# Calif. to require greener TVs



## Fontano (Feb 7, 2008)

http://www.msnbc.msn.com/id/34021207/ns/technology_and_science-future_of_energy/



> SACRAMENTO, Calif. - Most power-hungry TVs will be banned from store shelves in California after state regulators adopted a first-in-the nation mandate to lower electricity demand. Given how large the California market is, the regulation could end up as a de facto national standard.
> 
> .....


I am all for greener technology in TV's. There is no doubt that TV's are one of the most used technologies in a home. So as for the goal, I have no problem with it.

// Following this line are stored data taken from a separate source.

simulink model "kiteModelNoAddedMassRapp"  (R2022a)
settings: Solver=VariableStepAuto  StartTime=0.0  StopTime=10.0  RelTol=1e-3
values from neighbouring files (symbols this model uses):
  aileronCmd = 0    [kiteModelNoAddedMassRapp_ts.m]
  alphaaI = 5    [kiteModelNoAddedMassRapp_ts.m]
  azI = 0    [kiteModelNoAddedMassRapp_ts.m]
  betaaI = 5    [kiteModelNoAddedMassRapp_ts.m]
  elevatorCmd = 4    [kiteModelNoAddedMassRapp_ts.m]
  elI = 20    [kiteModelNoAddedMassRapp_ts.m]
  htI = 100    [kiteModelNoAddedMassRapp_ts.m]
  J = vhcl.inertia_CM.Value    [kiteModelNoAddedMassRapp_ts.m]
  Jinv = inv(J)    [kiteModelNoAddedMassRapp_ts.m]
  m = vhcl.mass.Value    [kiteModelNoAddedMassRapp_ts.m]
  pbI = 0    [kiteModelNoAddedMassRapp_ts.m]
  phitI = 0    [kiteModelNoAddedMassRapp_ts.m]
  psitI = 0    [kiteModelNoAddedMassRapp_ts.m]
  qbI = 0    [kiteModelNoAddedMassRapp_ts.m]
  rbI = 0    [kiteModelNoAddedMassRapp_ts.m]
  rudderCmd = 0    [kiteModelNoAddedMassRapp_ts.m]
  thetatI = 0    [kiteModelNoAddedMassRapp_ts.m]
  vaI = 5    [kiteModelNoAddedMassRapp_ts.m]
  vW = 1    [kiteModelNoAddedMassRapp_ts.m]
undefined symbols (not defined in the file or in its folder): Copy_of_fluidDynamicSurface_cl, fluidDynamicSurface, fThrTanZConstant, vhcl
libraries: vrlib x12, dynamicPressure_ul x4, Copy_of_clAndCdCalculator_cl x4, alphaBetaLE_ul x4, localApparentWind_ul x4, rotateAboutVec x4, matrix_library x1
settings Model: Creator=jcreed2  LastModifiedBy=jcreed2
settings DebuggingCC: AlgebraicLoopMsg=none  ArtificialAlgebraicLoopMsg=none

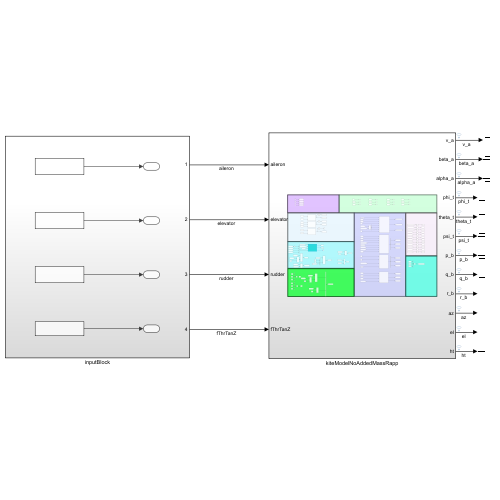
[thumbnail: Simulink's stored preview of the top-level diagram]
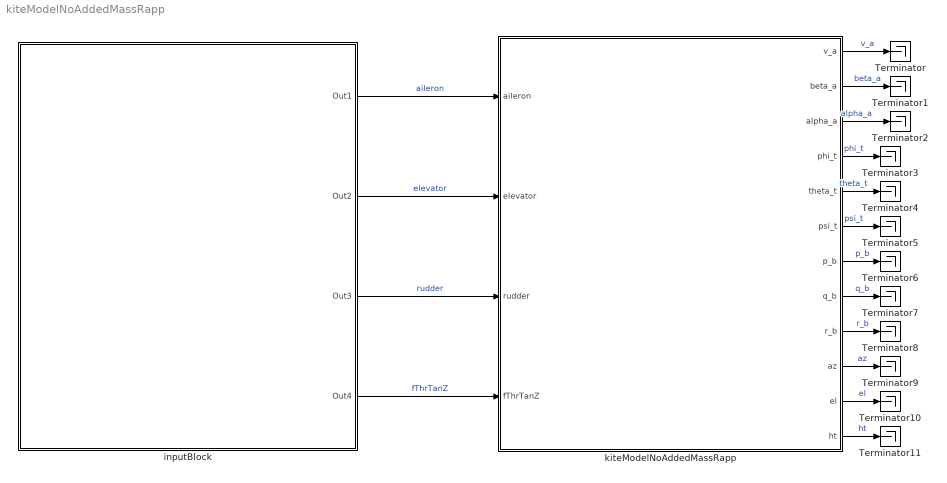
== system kiteModelNoAddedMassRapp ==
  Terminator{,1..11} (12 alike) : Terminator
  inputBlock : Subsystem
  kiteModelNoAddedMassRapp : Subsystem
  wires:
  kiteModelNoAddedMassRapp/1(v_a) -> Terminator/1  "v_a"
  kiteModelNoAddedMassRapp/2(beta_a) -> Terminator1/1  "beta_a"
  kiteModelNoAddedMassRapp/3(alpha_a) -> Terminator2/1  "alpha_a"
  kiteModelNoAddedMassRapp/4(phi_t) -> Terminator3/1  "phi_t"
  kiteModelNoAddedMassRapp/5(theta_t) -> Terminator4/1  "theta_t"
  kiteModelNoAddedMassRapp/6(psi_t) -> Terminator5/1  "psi_t"
  kiteModelNoAddedMassRapp/7(p_b) -> Terminator6/1  "p_b"
  kiteModelNoAddedMassRapp/8(q_b) -> Terminator7/1  "q_b"
  kiteModelNoAddedMassRapp/9(r_b) -> Terminator8/1  "r_b"
  kiteModelNoAddedMassRapp/10(az) -> Terminator9/1  "az"
  kiteModelNoAddedMassRapp/11(el) -> Terminator10/1  "el"
  kiteModelNoAddedMassRapp/12(ht) -> Terminator11/1  "ht"
  inputBlock/1(Out1) -> kiteModelNoAddedMassRapp/1(aileron)  "aileron"
  inputBlock/2(Out2) -> kiteModelNoAddedMassRapp/2(elevator)  "elevator"
  inputBlock/3(Out3) -> kiteModelNoAddedMassRapp/3(rudder)  "rudder"
  inputBlock/4(Out4) -> kiteModelNoAddedMassRapp/4(fThrTanZ)  "fThrTanZ"

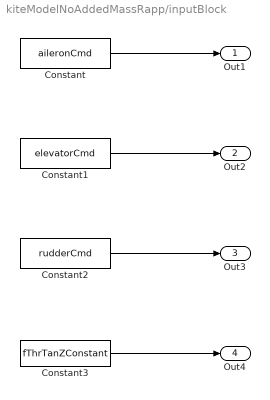
== system kiteModelNoAddedMassRapp/inputBlock ==
  Constant : Constant  Value=aileronCmd
  Constant1 : Constant  Value=elevatorCmd
  Constant2 : Constant  Value=rudderCmd
  Constant3 : Constant  Value=fThrTanZConstant
  Out1 : Outport
  Out2 : Outport  Port=2
  Out3 : Outport  Port=3
  Out4 : Outport  Port=4
  wires:
  Constant3/1 -> Out4/1
  Constant2/1 -> Out3/1
  Constant1/1 -> Out2/1
  Constant/1 -> Out1/1

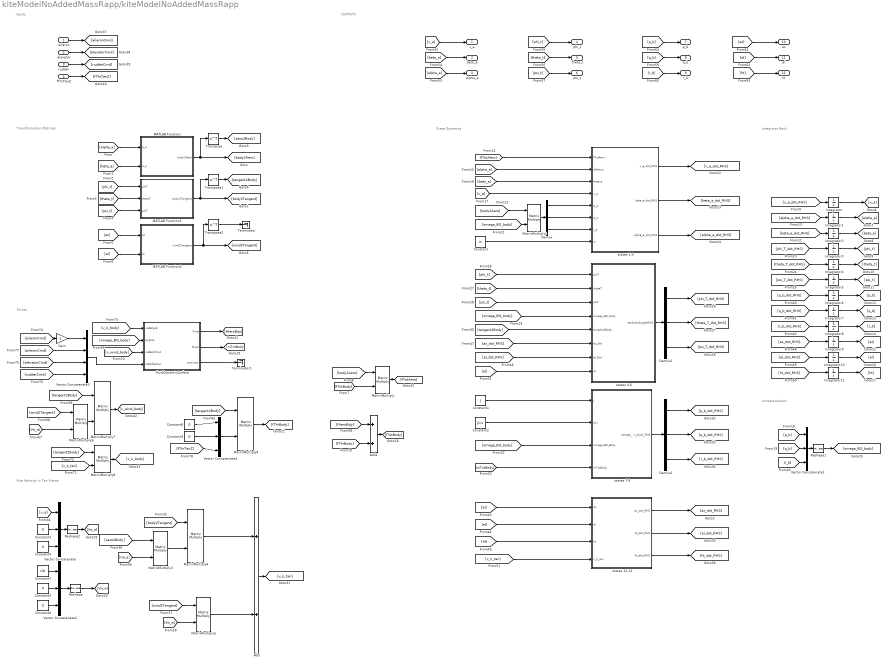
== system kiteModelNoAddedMassRapp/kiteModelNoAddedMassRapp ==
  note: OUTPUTS
  note: Inputs
  note: Kite Velocity in Tan Frame
  note: concatenations
  note: State Dynamics
  note: Forces
  note: Integrator Bank
  note: Transformation Matrices
  aileron : Inport
  elevator : Inport  Port=2
  rudder : Inport  Port=3
  fThrTanZ : Inport  Port=4
  Add : Sum
  Add1 : Sum
  Constant : Constant  Value=m
  Constant1 : Constant  Value=J
  Constant2 : Constant  Value=Jinv
  Constant{3..6,8..9} (6 alike) : Constant  Value=0
  Constant7 : Constant  Value=vW
  Demux : Demux  Outputs=3
  Demux1 : Demux  Outputs=3
  Demux2 : Demux  Outputs=3
  Gain : Gain  Gain=-1
  Integrator : Integrator  InitialCondition=vaI
  Integrator1 : Integrator  InitialCondition=alphaaI
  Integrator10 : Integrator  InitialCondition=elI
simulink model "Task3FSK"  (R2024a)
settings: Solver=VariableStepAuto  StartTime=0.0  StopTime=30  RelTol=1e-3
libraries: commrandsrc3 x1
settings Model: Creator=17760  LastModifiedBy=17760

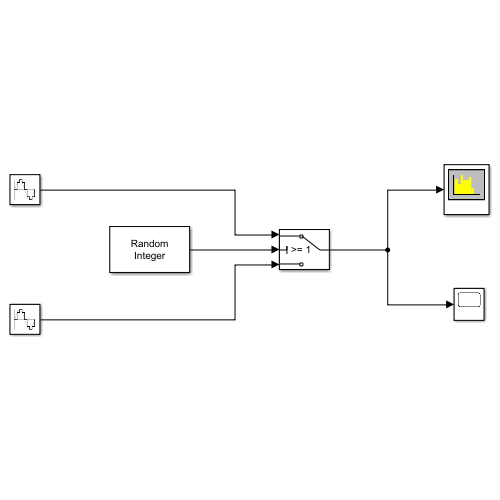
[thumbnail: Simulink's stored preview of the top-level diagram]
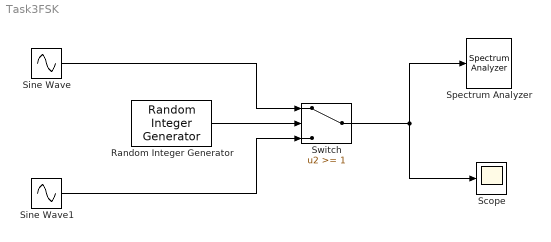
== system Task3FSK ==
  Random Integer Generator : commrandsrc3/Random Integer Generator  SetSize=2  SeedSource=Auto  Seed=0  SampleTime=1  SamplesPerFrame=1  OutputDataType=single  SimulateUsing=Code generation
  Scope : Scope
  Sine Wave : Sin  Frequency=2*pi*10  SampleTime=1/100
  Sine Wave1 : Sin  Frequency=2*pi*5  SampleTime=1/100
  Spectrum Analyzer : SpectrumAnalyzer  WindowPosition=[1.000000,49.000000,1440.000000,889.000000,]  ScopeFrameLocation=window  YLimits=[-1.6397800459793972,0.9907178895138156]
  Switch : Switch  Threshold=1  SaturateOnIntegerOverflow=off  InputSameDT=off
  wires:
  Random Integer Generator/1 -> Switch/2
  Sine Wave/1 -> Switch/1
  Switch/1 -> Scope/1, Spectrum Analyzer/1
  Sine Wave1/1 -> Switch/3

After reading the article, here are some of my concerns about this:

- The article is completely correct, that people will just buy via internet and across state lines.

- They make the assumption that they are going to immediately start saving all this energy. With a large portion of America recently purchasing new TV's, how many are going to be buying again in 2011? I am still using one of my tv's from 14 years ago. How long is going to take to phase out all the energy eaters?

- What is going to be sacrificed to get the energy savings?

It is going to take a long time for this to make any major impact.


----------



## Tom Robertson (Nov 15, 2005)

The first impact will be fewer options everywhere. Since California is a huge market, many products that can't be sold in California are expected to die away altogether. 

At least they stopped at 58". The earlier drafts were going to really shutdown anything bigger than that.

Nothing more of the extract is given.